# Extension of Splitting Fields over An Arbitrary Field

Let $$F$$ be a field in which $$0 \neq2$$ in $$F$$, and consider $$f=x^4+1$$. If $$E$$ is the splitting field for $$f$$ over $$F$$, it turns out that $$E$$ is a simple extension of $$F$$. How does one realize this fact? I'm not so sure as to what field element I can adjoin to $$F$$ to allow $$f$$ to split into linear factors. Finding the splitting field over something like $$\mathbb{Q}$$ is straight forward and easy in comparison, but I'm having trouble working with any general field $$F$$.

Also, if we indeed did have that $$0=2$$ in our field $$F$$, then $$f=x^4+1=(x+1)^4$$, so $$F$$ is its own splitting field, is this correct reasoning?

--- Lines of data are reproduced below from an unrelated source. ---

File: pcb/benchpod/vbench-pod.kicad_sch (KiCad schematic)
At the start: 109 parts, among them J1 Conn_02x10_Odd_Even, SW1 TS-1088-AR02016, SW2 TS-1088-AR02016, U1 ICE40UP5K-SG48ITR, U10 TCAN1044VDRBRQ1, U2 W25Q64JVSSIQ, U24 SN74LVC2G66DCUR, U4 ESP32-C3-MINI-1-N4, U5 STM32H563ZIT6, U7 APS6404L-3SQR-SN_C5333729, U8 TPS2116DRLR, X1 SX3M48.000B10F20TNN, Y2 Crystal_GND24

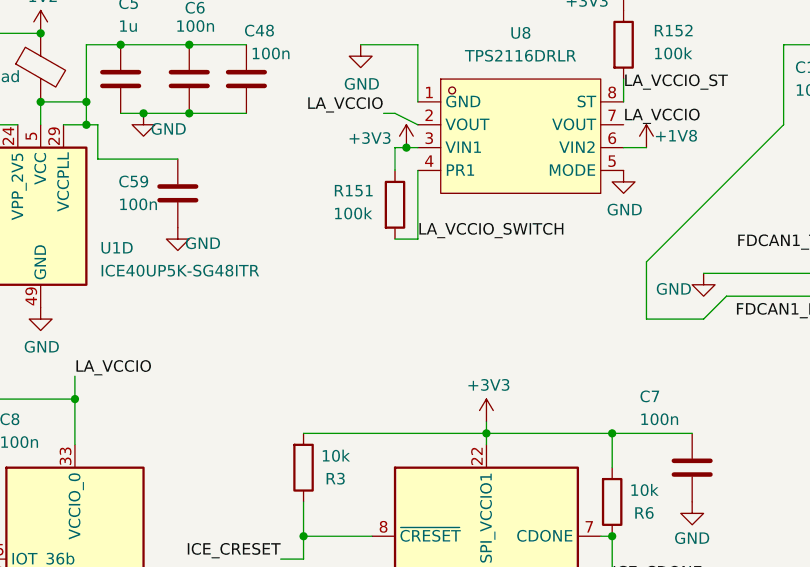
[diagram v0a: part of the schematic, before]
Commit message: 1V8/3V3 pull-ups / pull-down fixes
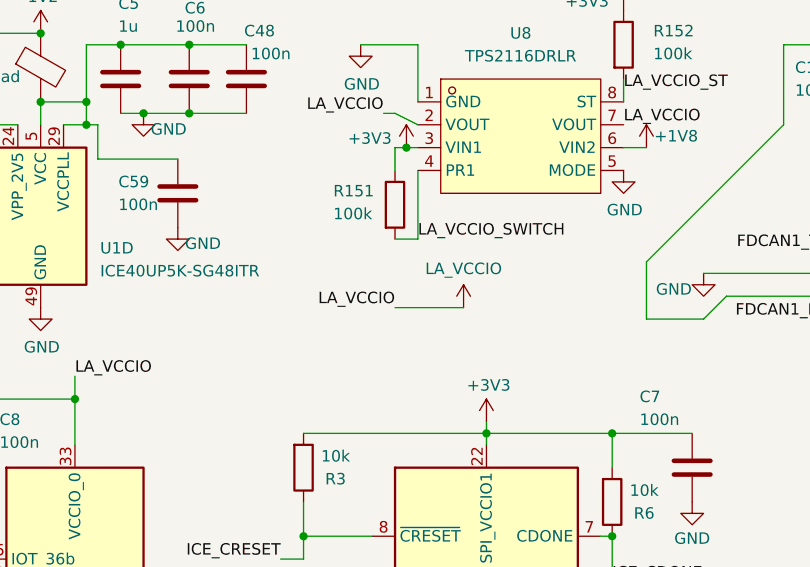
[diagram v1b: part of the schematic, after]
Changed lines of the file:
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@@
 	(wire
 		(pts
+			(xy 86.36 158.75) (xy 93.98 158.75)
+		)
+		(stroke
+			(width 0)
+			(type default)
+		)
+	)
+	(wire
+		(pts
 			(xy 76.2 184.15) (xy 83.82 184.15)
 		)
@@
 		)
 	)
+	(label "LA_VCCIO"
+		(at 86.36 158.75 180)
+		(effects
+			(font
+				(size 1.27 1.27)
+			)
+			(justify right bottom)
+		)
+	)
 	(label "CAN-"
 		(at 157.48 157.48 0)
@@
 					(unit 1)
 				)
+			)
+		)
+	)
+	(symbol
+		(lib_id "power:+3V3")
+		(at 93.98 158.75 0)
+		(unit 1)
+		(body_style 1)
+		(exclude_from_sim no)
+		(in_bom yes)
+		(on_board yes)
+		(in_pos_files yes)
+		(dnp no)
+		(property "Reference" "#PWR0349"
+			(at 93.98 162.56 0)
+			(hide yes)
+			(show_name no)
+			(do_not_autoplace no)
+			(effects
+				(font
+					(size 1.27 1.27)
+				)
+			)
+		)
+		(property "Value" "LA_VCCIO"
+			(at 93.98 154.432 0)
+			(show_name no)
+			(do_not_autoplace no)
+			(effects
+				(font
+					(size 1.27 1.27)
+				)
+			)
+		)
+		(property "Footprint" ""
+			(at 93.98 158.75 0)
+			(hide yes)
+			(show_name no)
+			(do_not_autoplace no)
+			(effects
+				(font
+					(size 1.27 1.27)
+				)
+			)
+		)
+		(property "Datasheet" ""
+			(at 93.98 158.75 0)
+			(hide yes)
+			(show_name no)
+			(do_not_autoplace no)
+			(effects
+				(font
+					(size 1.27 1.27)
+				)
+			)
+		)
+		(property "Description" "Power symbol creates a global label with name \"+3V3\""
+			(at 93.98 158.75 0)
+			(hide yes)
+			(show_name no)
+			(do_not_autoplace no)
+			(effects
+				(font
+					(size 1.27 1.27)
+				)
+			)
+		)
+		(pin "1"
+		)
+		(instances
+			(project "vbench-pod"
+				(path "/745fcf4b-2e0b-4fc4-95c0-f2e3fd40beb9"
+					(reference "#PWR0349")
+					(unit 1)
+				)

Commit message: nrst control
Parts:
- removed J1: Conn_02x10_Odd_Even, lcsc:HDR-TH_20P-P2.54-V-M-R2-C10-S2.54, symbol Connector_Generic:Conn_02x10_Odd_Even
- added J1: PZ254V-12-22P, lcsc_footprints:C492428_HDR-TH_22P-P2_54-V-M-R2-C11-S2_54, symbol lcsc_plugin:PZ254V-12-22P
- added R7: 10k, Resistor_SMD:R_0402_1005Metric, symbol Device:R
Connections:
- net +1V8: now also J1.18
- net +3V3: now also J1.17
- net CAN+: now also J1.19
- net CAN-: now also J1.20
- net GND: now also J1.15, J1.16
- net LA_INPUT1: now also J1.1
- net LA_INPUT10: now also J1.10
- net LA_INPUT11: now also J1.11
- net LA_INPUT12: now also J1.12
- net LA_INPUT13: now also J1.13
- net LA_INPUT14: now also J1.14
- net LA_INPUT2: now also J1.2
- net LA_INPUT3: now also J1.3
- net LA_INPUT4: now also J1.4
- net LA_INPUT5: now also J1.5
- net LA_INPUT6: now also J1.6
- net LA_INPUT7: now also J1.7
- net LA_INPUT8: now also J1.8
- net LA_INPUT9: now also J1.9
- net LA_VCCIO: now also J1.21, R7.1
- net NRST_CONTROL: now reaches U5.14 (PF4)
- net NRST_CONTROL: now also J1.22, R7.2
- no-connect marks 58 -> 57

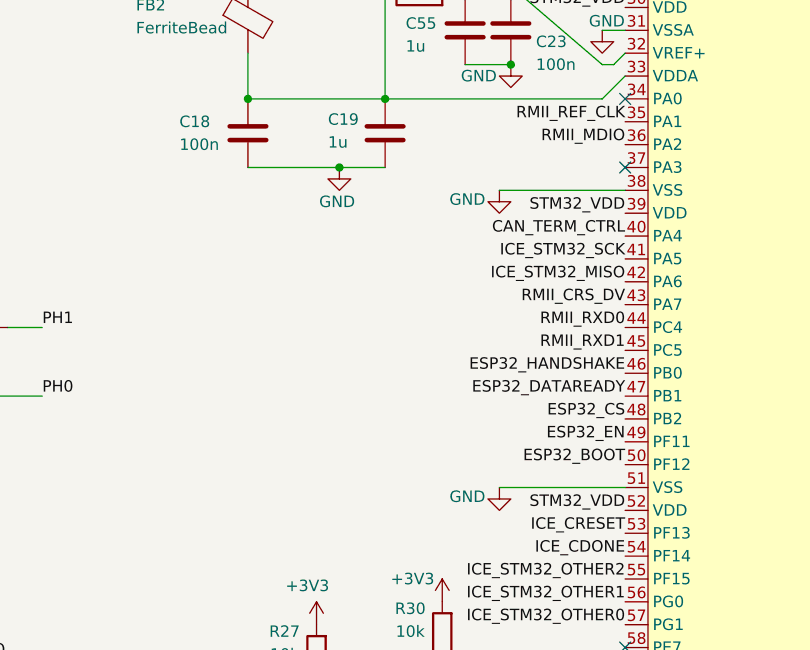
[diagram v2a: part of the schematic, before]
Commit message: replacement for crystals, revision resistors, cleanups
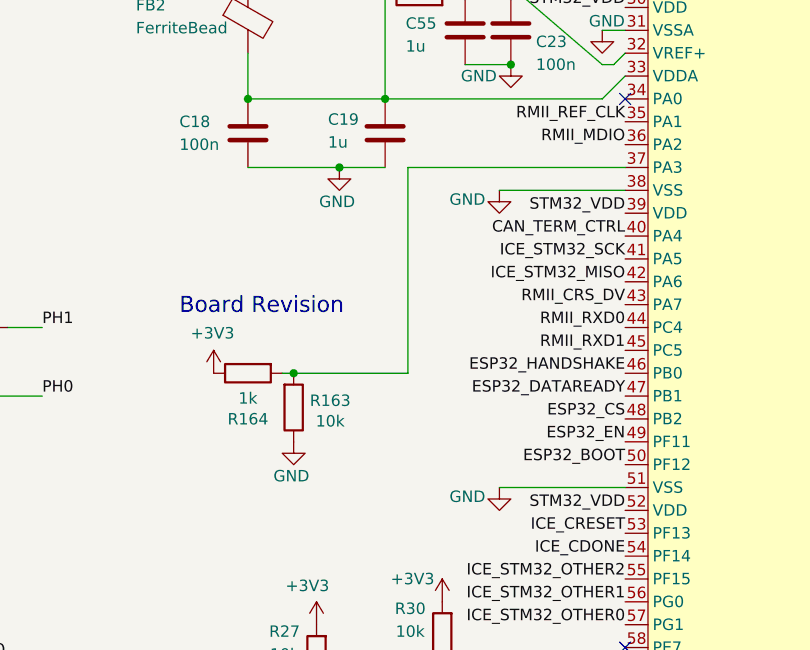
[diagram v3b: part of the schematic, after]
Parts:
- added R163: 10k, Resistor_SMD:R_0402_1005Metric, symbol Device:R
- added R164: 1k, Resistor_SMD:R_0402_1005Metric, symbol Device:R
- Y2: LCSC C20623595 -> C49867546
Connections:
- net +3V3: now also R164.1
- net GND: now also R163.1
- net at U5.37 (PA3): now also R163.2, R164.2
- no-connect marks 57 -> 56
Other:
- note added: "Board Revision"

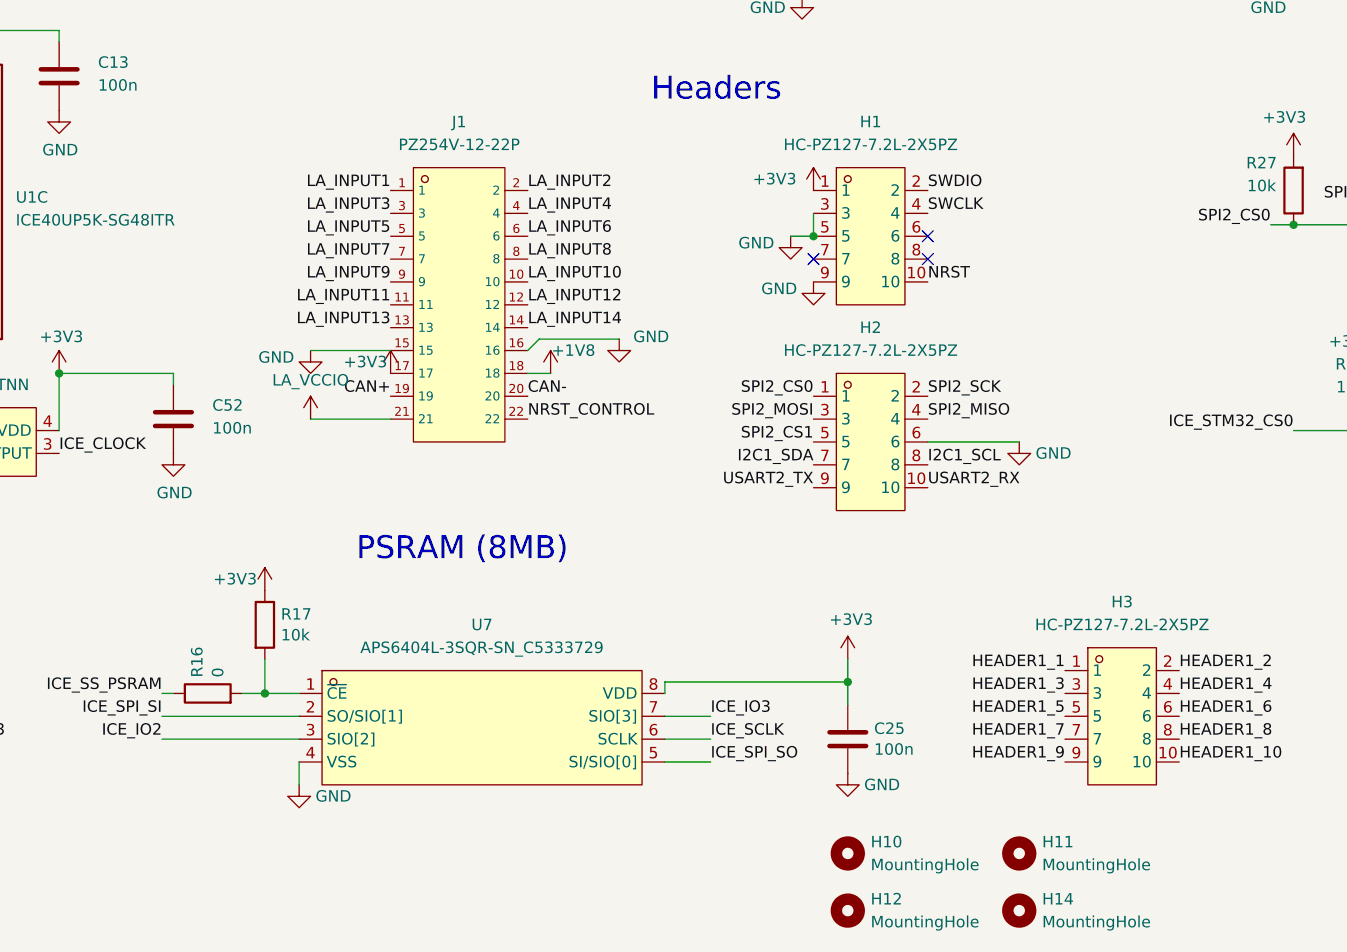
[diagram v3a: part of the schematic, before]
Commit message: route cleanups and out of stock component replacement
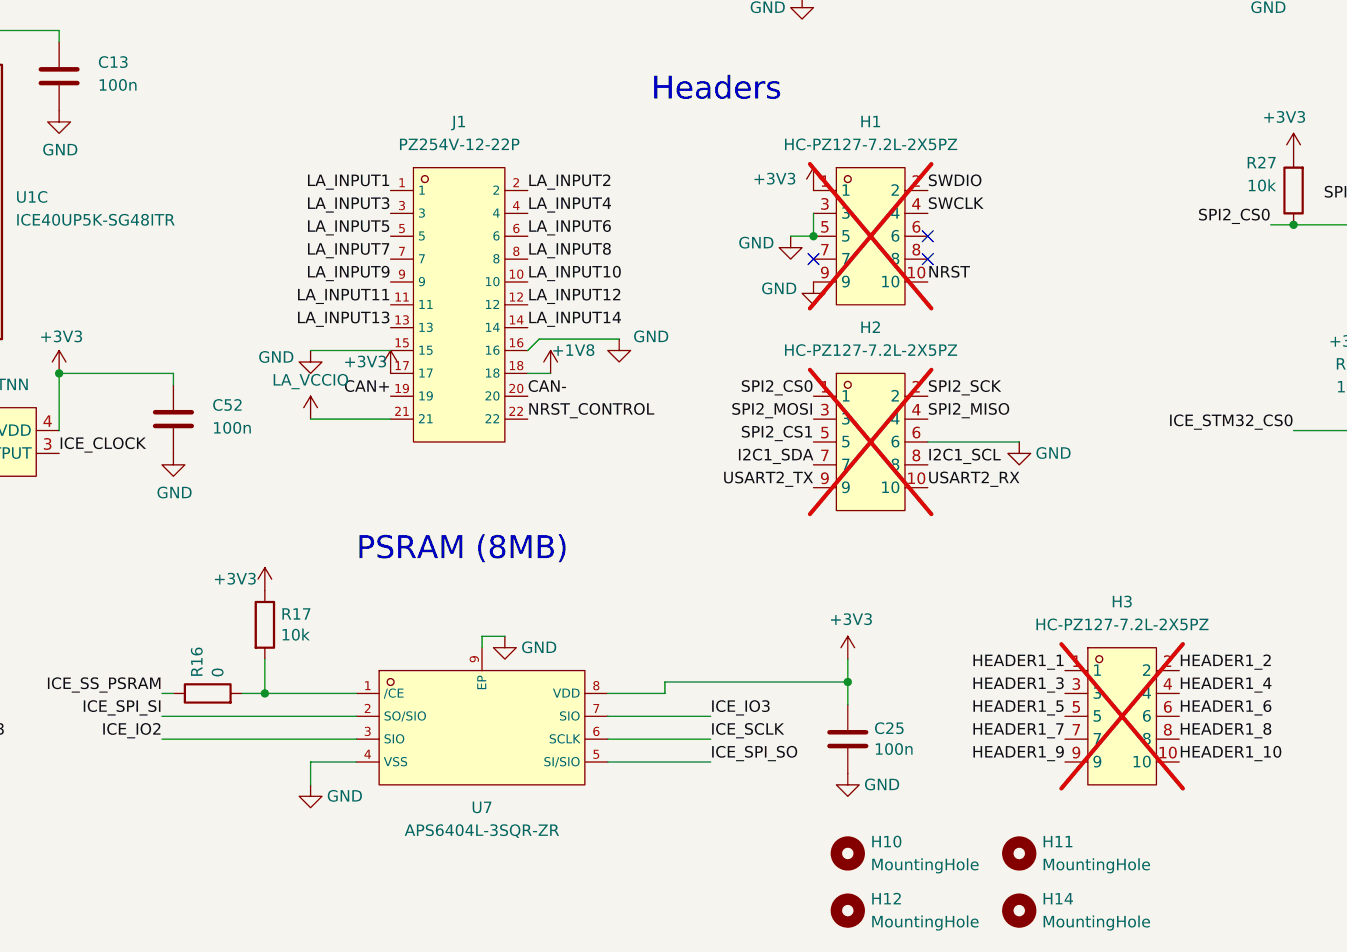
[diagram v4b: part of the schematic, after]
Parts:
- removed U7: APS6404L-3SQR-SN_C5333729, lcsc:SOIC-8_L4.9-W3.9-P1.27-LS6.0-BL, symbol lcsc_lib:APS6404L-3SQR-SN_C5333729
- added U7: APS6404L-3SQR-ZR, lcsc_footprints:C3040877_USON-8_L3_0-W2_0-P0_50-BL-EP, symbol lcsc_imported:APS6404L-3SQR-ZR
- C16: footprint Capacitor_SMD:C_0603_1608Metric -> Capacitor_SMD:C_0805_2012Metric; LCSC C59461 -> C45783
- H1, H2, H3: now not fitted
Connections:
- net +3V3: now also U7.8 (VDD)
- net GND: now also U7.4 (VSS), U7.9 (EP)
- net ICE_IO2: now also U7.3 (SIO)
- net ICE_IO3: now also U7.7 (SIO)
- net ICE_SCLK: now also U7.6 (SCLK)
- net ICE_SPI_SI: now also U7.2 (SO/SIO)
- net ICE_SPI_SO: now also U7.5 (SI/SIO)
- net at R16.2, R17.2: now also U7.1 (/CE)

• Letting $\alpha$ be any root, then $f$ splits as $(x-\alpha)(x+\alpha)(x-\alpha^3)(x+\alpha^3)$ in $F[\alpha]$. – Mike Earnest Mar 14 at 1:53

If $$\theta$$ is a root of $$x^4+1$$, then so are $$\theta,\theta^3,\theta^5,\theta^7$$. These are all different because $$\theta$$ has order $$8$$ in $$E^\times$$, since $$\theta^4=-1\ne1$$. Therefore, $$x^4+1$$ splits in $$F(\theta)$$.
If $$\operatorname{char}(F)=2$$, then $$x^4+1=(x+1)^4$$ and $$E=F=F(1)$$, also a simple extension.